It is well recognized that the complications and adverse perinatal outcomes associated with gestational diabetes and type 2 diabetes in pregnancy are glucose dependent. The main question in medical management, therefore, is how to maximize glycemic control.
The choice of medication should be determined by the ability of the drug to achieve the targeted level of glycemic control. For some patients, oral antihyperglycemic agents will be the drug of choice while in others combination therapy and/or insulin should be used.
For years, pharmacologic therapy for diabetes in pregnancy was limited to insulin. Obstetricians feared that oral antihyperglycemic agents, as an alternative to insulin therapy, could cause adverse pregnancy outcomes, particularly congenital anomalies and metabolic complications. Because of these concerns, sulfonylurea drugs were contraindicated in pregnancy.
These recommendations were founded, however, on anecdotal reports and poorly designed retrospective studies that were performed prior to the availability of second-generation sulfonylureas such as glyburide.
Today, there is clear evidence from in vivo and in vitro studies that glyburide does not cross the placenta in any appreciable quantity while metformin, another oral glucose-lowering agent, crosses the placenta freely.
Several randomized studies (five glyburide and two metformin studies), as well as other well-designed studies published over the last decade, also have demonstrated that glyburide is as effective and safe as insulin therapy for glycemic control during pregnancy.
Research has shown, moreover, that it's the blood glucose levels—not the drugs themselves—that cause adverse outcomes.
This is good news, because the use of oral antihyperglycemic agents enhances drug compliance for the patient.
Taking a tablet once in the morning and once in the evening is easier, more convenient, and less expensive than giving oneself insulin injections several times a day. Given the choice of insulin injections versus tablets, almost all women will opt for the latter.
Offering glyburide as a safe and effective alternative to insulin has been recommended by several editorials and professional organizations. Indeed, the use of glyburide has become the standard of care in the management of gestational diabetes mellitus (GDM) in many centers and private practices throughout the United States.

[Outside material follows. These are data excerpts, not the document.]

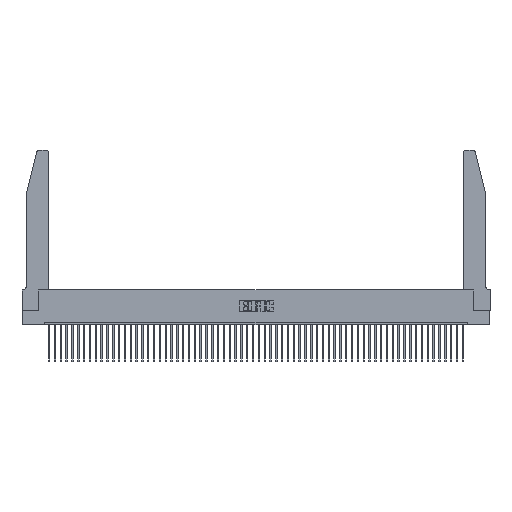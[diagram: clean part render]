
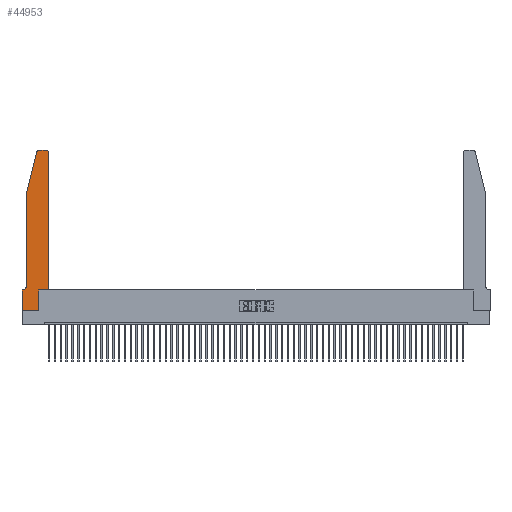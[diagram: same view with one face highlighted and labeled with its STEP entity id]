
A CAD part, top view. The second image highlights one B-rep face of the part: STEP entity #44953.
In plain terms, the highlighted planar face has unit normal (0, 0, 1).
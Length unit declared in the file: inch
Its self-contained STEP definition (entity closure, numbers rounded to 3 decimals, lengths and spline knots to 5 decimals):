
#292 = VERTEX_POINT ( 'NONE', #22463 ) ;
#1158 = EDGE_CURVE ( 'NONE', #13838, #29640, #31435, .T. ) ;
#1229 = EDGE_CURVE ( 'NONE', #292, #40355, #4788, .T. ) ;
#2292 = DIRECTION ( 'NONE',  ( 1., 0., 0. ) ) ;
#2351 = ORIENTED_EDGE ( 'NONE', *, *, #4294, .T. ) ;
#3685 = CARTESIAN_POINT ( 'NONE',  ( 0.2605, 2.75, 0.37 ) ) ;
#4294 = EDGE_CURVE ( 'NONE', #29640, #29583, #20560, .T. ) ;
#4599 = ORIENTED_EDGE ( 'NONE', *, *, #6364, .T. ) ;
#4788 = LINE ( 'NONE', #26230, #30043 ) ;
#5172 = VERTEX_POINT ( 'NONE', #27643 ) ;
#6299 = DIRECTION ( 'NONE',  ( -1., 0., 0. ) ) ;
#6364 = EDGE_CURVE ( 'NONE', #37228, #40752, #30144, .T. ) ;
#6368 = ORIENTED_EDGE ( 'NONE', *, *, #1158, .T. ) ;
#6424 = CARTESIAN_POINT ( 'NONE',  ( 0.2865, 0.35, 0.37 ) ) ;
#7796 = DIRECTION ( 'NONE',  ( 1., 0., 0. ) ) ;
#7850 = FACE_OUTER_BOUND ( 'NONE', #15400, .T. ) ;
#7922 = CARTESIAN_POINT ( 'NONE',  ( 0., 0., 0.37 ) ) ;
#9001 = EDGE_CURVE ( 'NONE', #40752, #5172, #10796, .T. ) ;
#9986 = EDGE_CURVE ( 'NONE', #48039, #36191, #30542, .T. ) ;
#10796 = CIRCLE ( 'NONE', #32984, 0.03 ) ;
#12082 = VECTOR ( 'NONE', #29316, 39.37008 ) ;
#12413 = VECTOR ( 'NONE', #41460, 39.37008 ) ;
#13360 = ORIENTED_EDGE ( 'NONE', *, *, #32408, .T. ) ;
#13373 = ORIENTED_EDGE ( 'NONE', *, *, #15092, .T. ) ;
#13838 = VERTEX_POINT ( 'NONE', #43435 ) ;
#14216 = ORIENTED_EDGE ( 'NONE', *, *, #9001, .T. ) ;
#15092 = EDGE_CURVE ( 'NONE', #24715, #37228, #15901, .T. ) ;
#15400 = EDGE_LOOP ( 'NONE', ( #4599, #14216, #44289, #6368, #2351, #25723, #29413, #13360, #17729, #35166, #22039, #13373 ) ) ;
#15841 = VECTOR ( 'NONE', #16097, 39.37008 ) ;
#15901 = CIRCLE ( 'NONE', #28467, 0.03 ) ;
#16097 = DIRECTION ( 'NONE',  ( -1., 0., 0. ) ) ;
#16186 = PLANE ( 'NONE',  #38562 ) ;
#17504 = CARTESIAN_POINT ( 'NONE',  ( 0.4205, 2.75, 0.37 ) ) ;
#17729 = ORIENTED_EDGE ( 'NONE', *, *, #30022, .T. ) ;
#20560 = CIRCLE ( 'NONE', #35996, 0.07 ) ;
#20802 = CARTESIAN_POINT ( 'NONE',  ( 0.4505, 0.35, 0.37 ) ) ;
#21536 = VECTOR ( 'NONE', #49465, 39.37008 ) ;
#22039 = ORIENTED_EDGE ( 'NONE', *, *, #27369, .T. ) ;
#22463 = CARTESIAN_POINT ( 'NONE',  ( 0., 0.35, 0.37 ) ) ;
#23834 = CARTESIAN_POINT ( 'NONE',  ( 0.0755, 2., 0.37 ) ) ;
#23904 = CARTESIAN_POINT ( 'NONE',  ( 0.0755, 2., 0.37 ) ) ;
#24414 = CARTESIAN_POINT ( 'NONE',  ( 0.4505, 0.35, 0.37 ) ) ;
#24514 = VECTOR ( 'NONE', #36668, 39.37008 ) ;
#24715 = VERTEX_POINT ( 'NONE', #45180 ) ;
#24919 = DIRECTION ( 'NONE',  ( 0., 1., 0. ) ) ;
#25723 = ORIENTED_EDGE ( 'NONE', *, *, #32421, .T. ) ;
#26230 = CARTESIAN_POINT ( 'NONE',  ( 0., 0., 0.37 ) ) ;
#26797 = CARTESIAN_POINT ( 'NONE',  ( 0.4205, 2.72, 0.37 ) ) ;
#27369 = EDGE_CURVE ( 'NONE', #36191, #24715, #46254, .T. ) ;
#27643 = CARTESIAN_POINT ( 'NONE',  ( 0.25487, 2.72718, 0.37 ) ) ;
#27766 = DIRECTION ( 'NONE',  ( 0., 0., 1. ) ) ;
#28467 = AXIS2_PLACEMENT_3D ( 'NONE', #26797, #48096, #44799 ) ;
#29316 = DIRECTION ( 'NONE',  ( 1., 0., 0. ) ) ;
#29413 = ORIENTED_EDGE ( 'NONE', *, *, #1229, .T. ) ;
#29583 = VERTEX_POINT ( 'NONE', #52722 ) ;
#29640 = VERTEX_POINT ( 'NONE', #39607 ) ;
#30022 = EDGE_CURVE ( 'NONE', #50859, #48039, #38042, .T. ) ;
#30043 = VECTOR ( 'NONE', #46865, 39.37008 ) ;
#30144 = LINE ( 'NONE', #3685, #41485 ) ;
#30542 = LINE ( 'NONE', #20802, #12082 ) ;
#31435 = LINE ( 'NONE', #23904, #21536 ) ;
#31699 = LINE ( 'NONE', #41462, #15841 ) ;
#32408 = EDGE_CURVE ( 'NONE', #40355, #50859, #34968, .T. ) ;
#32421 = EDGE_CURVE ( 'NONE', #29583, #292, #31699, .T. ) ;
#32984 = AXIS2_PLACEMENT_3D ( 'NONE', #44585, #27766, #2292 ) ;
#33187 = CARTESIAN_POINT ( 'NONE',  ( 0., 0., 0.37 ) ) ;
#34968 = LINE ( 'NONE', #33187, #24514 ) ;
#35166 = ORIENTED_EDGE ( 'NONE', *, *, #9986, .T. ) ;
#35372 = CARTESIAN_POINT ( 'NONE',  ( 0.4505, 0.35, 0.37 ) ) ;
#35836 = VECTOR ( 'NONE', #40666, 39.37008 ) ;
#35996 = AXIS2_PLACEMENT_3D ( 'NONE', #40394, #53551, #6299 ) ;
#36191 = VERTEX_POINT ( 'NONE', #35372 ) ;
#36668 = DIRECTION ( 'NONE',  ( 1., 0., 0. ) ) ;
#37228 = VERTEX_POINT ( 'NONE', #17504 ) ;
#37288 = CARTESIAN_POINT ( 'NONE',  ( 0., 0.35, 0.37 ) ) ;
#38042 = LINE ( 'NONE', #50639, #49954 ) ;
#38562 = AXIS2_PLACEMENT_3D ( 'NONE', #37288, #45452, #7796 ) ;
#39607 = CARTESIAN_POINT ( 'NONE',  ( 0.0755, 0.42, 0.37 ) ) ;
#40355 = VERTEX_POINT ( 'NONE', #7922 ) ;
#40394 = CARTESIAN_POINT ( 'NONE',  ( 0.0055, 0.42, 0.37 ) ) ;
#40666 = DIRECTION ( 'NONE',  ( -0.239, -0.971, 0. ) ) ;
#40752 = VERTEX_POINT ( 'NONE', #53859 ) ;
#41460 = DIRECTION ( 'NONE',  ( 0., 1., 0. ) ) ;
#41462 = CARTESIAN_POINT ( 'NONE',  ( 0.0755, 0.35, 0.37 ) ) ;
#41485 = VECTOR ( 'NONE', #54815, 39.37008 ) ;
#42556 = LINE ( 'NONE', #23834, #35836 ) ;
#43435 = CARTESIAN_POINT ( 'NONE',  ( 0.0755, 2., 0.37 ) ) ;
#44289 = ORIENTED_EDGE ( 'NONE', *, *, #49105, .T. ) ;
#44585 = CARTESIAN_POINT ( 'NONE',  ( 0.284, 2.72, 0.37 ) ) ;
#44799 = DIRECTION ( 'NONE',  ( 1., 0., 0. ) ) ;
#44938 = CARTESIAN_POINT ( 'NONE',  ( 0.2865, 0., 0.37 ) ) ;
#44953 = ADVANCED_FACE ( 'NONE', ( #7850 ), #16186, .T. ) ;
#45180 = CARTESIAN_POINT ( 'NONE',  ( 0.4505, 2.72, 0.37 ) ) ;
#45452 = DIRECTION ( 'NONE',  ( 0., 0., 1. ) ) ;
#46254 = LINE ( 'NONE', #24414, #12413 ) ;
#46865 = DIRECTION ( 'NONE',  ( 0., -1., 0. ) ) ;
#48039 = VERTEX_POINT ( 'NONE', #6424 ) ;
#48096 = DIRECTION ( 'NONE',  ( 0., 0., 1. ) ) ;
#49105 = EDGE_CURVE ( 'NONE', #5172, #13838, #42556, .T. ) ;
#49465 = DIRECTION ( 'NONE',  ( 0., -1., 0. ) ) ;
#49954 = VECTOR ( 'NONE', #24919, 39.37008 ) ;
#50639 = CARTESIAN_POINT ( 'NONE',  ( 0.2865, 0.35, 0.37 ) ) ;
#50859 = VERTEX_POINT ( 'NONE', #44938 ) ;
#52722 = CARTESIAN_POINT ( 'NONE',  ( 0.0055, 0.35, 0.37 ) ) ;
#53551 = DIRECTION ( 'NONE',  ( 0., 0., -1. ) ) ;
#53859 = CARTESIAN_POINT ( 'NONE',  ( 0.284, 2.75, 0.37 ) ) ;
#54815 = DIRECTION ( 'NONE',  ( -1., 0., 0. ) ) ;
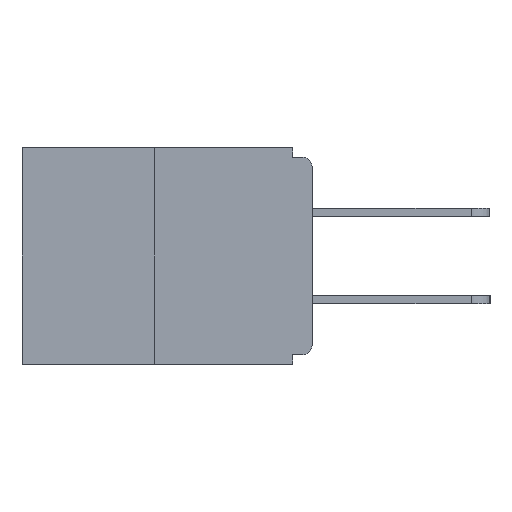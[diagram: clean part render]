
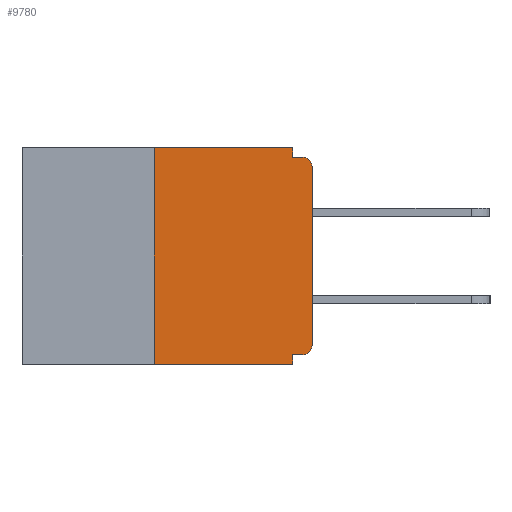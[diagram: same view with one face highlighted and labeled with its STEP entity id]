
A CAD part, left-side view. The second image highlights one B-rep face of the part: STEP entity #9780.
In plain terms, the highlighted planar face has unit normal (-1, 0, 0).
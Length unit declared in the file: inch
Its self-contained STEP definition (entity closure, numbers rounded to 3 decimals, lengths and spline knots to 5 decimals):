
#201 = VERTEX_POINT ( 'NONE', #8685 ) ;
#549 = DIRECTION ( 'NONE',  ( 0., 1., 0. ) ) ;
#617 = CARTESIAN_POINT ( 'NONE',  ( 0., 0.031, -0.015 ) ) ;
#899 = LINE ( 'NONE', #7669, #4076 ) ;
#1092 = EDGE_CURVE ( 'NONE', #4818, #201, #1413, .T. ) ;
#1239 = DIRECTION ( 'NONE',  ( 0., 0., -1. ) ) ;
#1255 = ORIENTED_EDGE ( 'NONE', *, *, #11202, .F. ) ;
#1291 = DIRECTION ( 'NONE',  ( 1., 0., 0. ) ) ;
#1402 = CARTESIAN_POINT ( 'NONE',  ( 0., 0.25, 0. ) ) ;
#1413 = LINE ( 'NONE', #8552, #8360 ) ;
#1423 = CARTESIAN_POINT ( 'NONE',  ( 0., 0.46, -0.343 ) ) ;
#2635 = VERTEX_POINT ( 'NONE', #1402 ) ;
#2672 = VERTEX_POINT ( 'NONE', #9991 ) ;
#2895 = LINE ( 'NONE', #5929, #16191 ) ;
#3040 = ORIENTED_EDGE ( 'NONE', *, *, #1092, .F. ) ;
#3066 = ORIENTED_EDGE ( 'NONE', *, *, #5293, .T. ) ;
#3225 = LINE ( 'NONE', #5891, #10264 ) ;
#3768 = DIRECTION ( 'NONE',  ( -1., 0., 0. ) ) ;
#3902 = DIRECTION ( 'NONE',  ( 0., -1., 0. ) ) ;
#4030 = ORIENTED_EDGE ( 'NONE', *, *, #14993, .T. ) ;
#4072 = EDGE_CURVE ( 'NONE', #9995, #15826, #10538, .T. ) ;
#4076 = VECTOR ( 'NONE', #4929, 39.37008 ) ;
#4242 = DIRECTION ( 'NONE',  ( 0., 0., -1. ) ) ;
#4406 = EDGE_CURVE ( 'NONE', #2672, #2635, #9401, .T. ) ;
#4768 = EDGE_CURVE ( 'NONE', #2635, #13897, #899, .T. ) ;
#4818 = VERTEX_POINT ( 'NONE', #9293 ) ;
#4929 = DIRECTION ( 'NONE',  ( 0., -1., 0. ) ) ;
#5240 = DIRECTION ( 'NONE',  ( 0., 0., -1. ) ) ;
#5293 = EDGE_CURVE ( 'NONE', #16943, #15292, #5437, .T. ) ;
#5437 = CIRCLE ( 'NONE', #14743, 0.015 ) ;
#5603 = ORIENTED_EDGE ( 'NONE', *, *, #6179, .F. ) ;
#5819 = LINE ( 'NONE', #1423, #14019 ) ;
#5891 = CARTESIAN_POINT ( 'NONE',  ( 0., 0., 0. ) ) ;
#5929 = CARTESIAN_POINT ( 'NONE',  ( 0., 0., -0.328 ) ) ;
#6105 = CARTESIAN_POINT ( 'NONE',  ( 0., 0., -0.313 ) ) ;
#6179 = EDGE_CURVE ( 'NONE', #13897, #11870, #12531, .T. ) ;
#6585 = CARTESIAN_POINT ( 'NONE',  ( 0., 0.25, 0. ) ) ;
#6759 = VECTOR ( 'NONE', #3902, 39.37008 ) ;
#6789 = CARTESIAN_POINT ( 'NONE',  ( 0., 0.015, -0.03 ) ) ;
#7179 = ORIENTED_EDGE ( 'NONE', *, *, #4406, .F. ) ;
#7349 = VECTOR ( 'NONE', #4242, 39.37008 ) ;
#7478 = EDGE_CURVE ( 'NONE', #11870, #15292, #16505, .T. ) ;
#7669 = CARTESIAN_POINT ( 'NONE',  ( 0., 0.46, 0. ) ) ;
#7761 = ORIENTED_EDGE ( 'NONE', *, *, #4768, .F. ) ;
#8360 = VECTOR ( 'NONE', #1239, 39.37008 ) ;
#8552 = CARTESIAN_POINT ( 'NONE',  ( 0., 0.031, -0.343 ) ) ;
#8685 = CARTESIAN_POINT ( 'NONE',  ( 0., 0.031, -0.343 ) ) ;
#9293 = CARTESIAN_POINT ( 'NONE',  ( 0., 0.031, -0.328 ) ) ;
#9342 = VECTOR ( 'NONE', #10764, 39.37008 ) ;
#9401 = LINE ( 'NONE', #6585, #9342 ) ;
#9685 = CARTESIAN_POINT ( 'NONE',  ( 0., 0.46, 0. ) ) ;
#9780 = ADVANCED_FACE ( 'NONE', ( #10964 ), #13790, .F. ) ;
#9991 = CARTESIAN_POINT ( 'NONE',  ( 0., 0.25, -0.343 ) ) ;
#9995 = VERTEX_POINT ( 'NONE', #11926 ) ;
#10264 = VECTOR ( 'NONE', #14460, 39.37008 ) ;
#10356 = EDGE_LOOP ( 'NONE', ( #7761, #7179, #10731, #3040, #1255, #16300, #4030, #3066, #13824, #5603 ) ) ;
#10538 = CIRCLE ( 'NONE', #14916, 0.015 ) ;
#10731 = ORIENTED_EDGE ( 'NONE', *, *, #14362, .T. ) ;
#10764 = DIRECTION ( 'NONE',  ( 0., 0., 1. ) ) ;
#10964 = FACE_OUTER_BOUND ( 'NONE', #10356, .T. ) ;
#10987 = CARTESIAN_POINT ( 'NONE',  ( 0., 0.031, 0. ) ) ;
#11202 = EDGE_CURVE ( 'NONE', #9995, #4818, #2895, .T. ) ;
#11870 = VERTEX_POINT ( 'NONE', #617 ) ;
#11926 = CARTESIAN_POINT ( 'NONE',  ( 0., 0.015, -0.328 ) ) ;
#11984 = DIRECTION ( 'NONE',  ( -1., 0., 0. ) ) ;
#12343 = DIRECTION ( 'NONE',  ( 0., 0., -1. ) ) ;
#12419 = DIRECTION ( 'NONE',  ( 0., 0., -1. ) ) ;
#12531 = LINE ( 'NONE', #10987, #7349 ) ;
#12658 = CARTESIAN_POINT ( 'NONE',  ( 0., 0.031, 0. ) ) ;
#13790 = PLANE ( 'NONE',  #13802 ) ;
#13802 = AXIS2_PLACEMENT_3D ( 'NONE', #9685, #1291, #12419 ) ;
#13824 = ORIENTED_EDGE ( 'NONE', *, *, #7478, .F. ) ;
#13897 = VERTEX_POINT ( 'NONE', #12658 ) ;
#14019 = VECTOR ( 'NONE', #16964, 39.37008 ) ;
#14362 = EDGE_CURVE ( 'NONE', #2672, #201, #5819, .T. ) ;
#14460 = DIRECTION ( 'NONE',  ( 0., 0., 1. ) ) ;
#14743 = AXIS2_PLACEMENT_3D ( 'NONE', #6789, #3768, #12343 ) ;
#14916 = AXIS2_PLACEMENT_3D ( 'NONE', #16102, #11984, #5240 ) ;
#14993 = EDGE_CURVE ( 'NONE', #15826, #16943, #3225, .T. ) ;
#15292 = VERTEX_POINT ( 'NONE', #18025 ) ;
#15826 = VERTEX_POINT ( 'NONE', #6105 ) ;
#16102 = CARTESIAN_POINT ( 'NONE',  ( 0., 0.015, -0.313 ) ) ;
#16191 = VECTOR ( 'NONE', #549, 39.37008 ) ;
#16300 = ORIENTED_EDGE ( 'NONE', *, *, #4072, .T. ) ;
#16505 = LINE ( 'NONE', #18061, #6759 ) ;
#16943 = VERTEX_POINT ( 'NONE', #17677 ) ;
#16964 = DIRECTION ( 'NONE',  ( 0., -1., 0. ) ) ;
#17677 = CARTESIAN_POINT ( 'NONE',  ( 0., 0., -0.03 ) ) ;
#18025 = CARTESIAN_POINT ( 'NONE',  ( 0., 0.015, -0.015 ) ) ;
#18061 = CARTESIAN_POINT ( 'NONE',  ( 0., 0., -0.015 ) ) ;
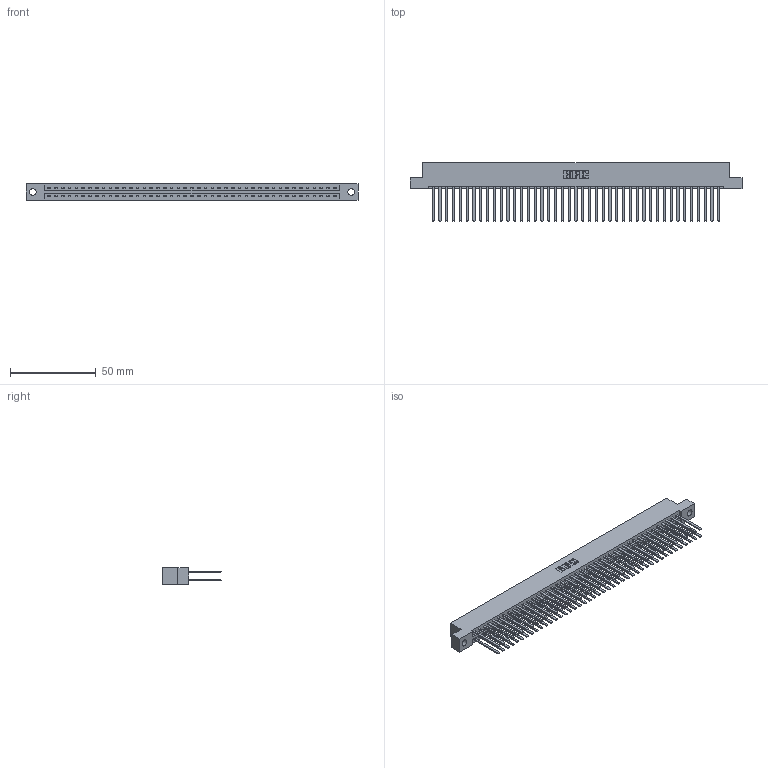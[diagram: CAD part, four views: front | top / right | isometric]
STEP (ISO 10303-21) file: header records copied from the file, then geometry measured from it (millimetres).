
FILE_DESCRIPTION (( 'STEP AP203' ), '1' );
FILE_NAME ('387-086-544-204.STEP', '2019-10-23T03:53:27', ( '' ), ( '' ), 'SwSTEP 2.0', 'SolidWorks 2016', '' );
FILE_SCHEMA (( 'CONFIG_CONTROL_DESIGN' ));
Length unit declared in the file: inch
Products named in the file (3): 345-292-001_345-293-144; 387-086-544-204; 337 Part_Flush Mounting Lugs - 0.156 Dia-TH
Assembly tree (87 placements, depth 2):
  387-086-544-204
    337 Part_Flush Mounting Lugs - 0.156 Dia-TH
    345-292-001_345-293-144  x86
Bounding box: 193.4 x 34.3 x 9.4 mm (x, y, z)
Volume: 21512.6 mm3; surface area: 28065.4 mm2
Topology: 87 solids, 87 shells, 4242 faces, 12609 edges, 8290 vertices
Faces by surface type: plane 2994, cylinder 1248
Entity records: 33029 total; most frequent: CARTESIAN_POINT 5562, ORIENTED_EDGE 5498, DIRECTION 4725, EDGE_CURVE 2749, VECTOR 2625, LINE 2625, VERTEX_POINT 1830, AXIS2_PLACEMENT_3D 1050

It is important to appreciate, however, that in general, as disease severity increases, there is diminishing success in achieving the desired levels of glycemic control.
Although the majority of women with gestational diabetes will benefit from the use of these drugs (approximately 80%), fewer women with type 2 diabetes will be able to achieve optimal glycemic control.
The emphasis overall in diabetes management must therefore be on the level of glycemic control achieved by the patient, with the failure of a drug signaling the need to change the drug algorithm.
Safety, Efficacy of Glyburide
Oral antihyperglycemic drugs—most commonly glyburide and metformin—are the first-line drugs for treating nonpregnant women with type 2 diabetes. These patients are typically older and suffer from greater disease severity (higher fasting and postprandial blood glucose levels and a decreased pancreatic reserve of 50%-80%). They therefore are not comparable to patients with gestational diabetes who are relatively younger and have greater pancreatic reserve.
This begs the following question: If the oral antihyperglycemic drugs are in fact safe for the fetus and can potentially optimize glycemic control—enabling patients to reach targeted levels of glucose control in pregnancy with the same efficacy as insulin—why should GDM patients who represent the milder form of intolerance on the glucose continuum not be treated with these drugs?
In the early 1990s, my colleagues and I evaluated the potential of first-generation and second-generation sulfonylureas to cross the placenta. Using the single-cotyledon placental model—a model that is widely used to characterize the transport and metabolism of drugs and nutrients—we found only minimal transport of glyburide in either the maternal-fetal or the fetal-maternal direction (Am. J. Obstet. Gynecol. 1991;165:807-12).
The transfer of glyburide remained negligible even when we varied the albumin concentration and increased maternal glyburide levels to 100 times the therapeutic level. In no case was there any appreciable metabolism of the agent. First-generation sulfonylureas, on the other hand, crossed the placenta in this model. Metformin did as well, almost freely.
Thereafter, several studies from different centers confirmed that glyburide does not cross the placenta significantly. The studies demonstrated, for instance, that 99.8% of the glyburide is bound to albumin, that the agent has a short elimination half-life, and that effluxes are affected from the fetal-maternal direction. Research also confirmed that metformin does cross the placenta.
In a later prospective, randomized trial comparing glyburide and insulin in 404 women with GDM, my colleagues and I found no significant differences in either the degree of glycemic control or perinatal outcomes (N. Engl. J. Med. 2000;343:1134-8). Target levels of glycemic control were achieved in 82% of the patients receiving glyburide and 88% of those receiving insulin.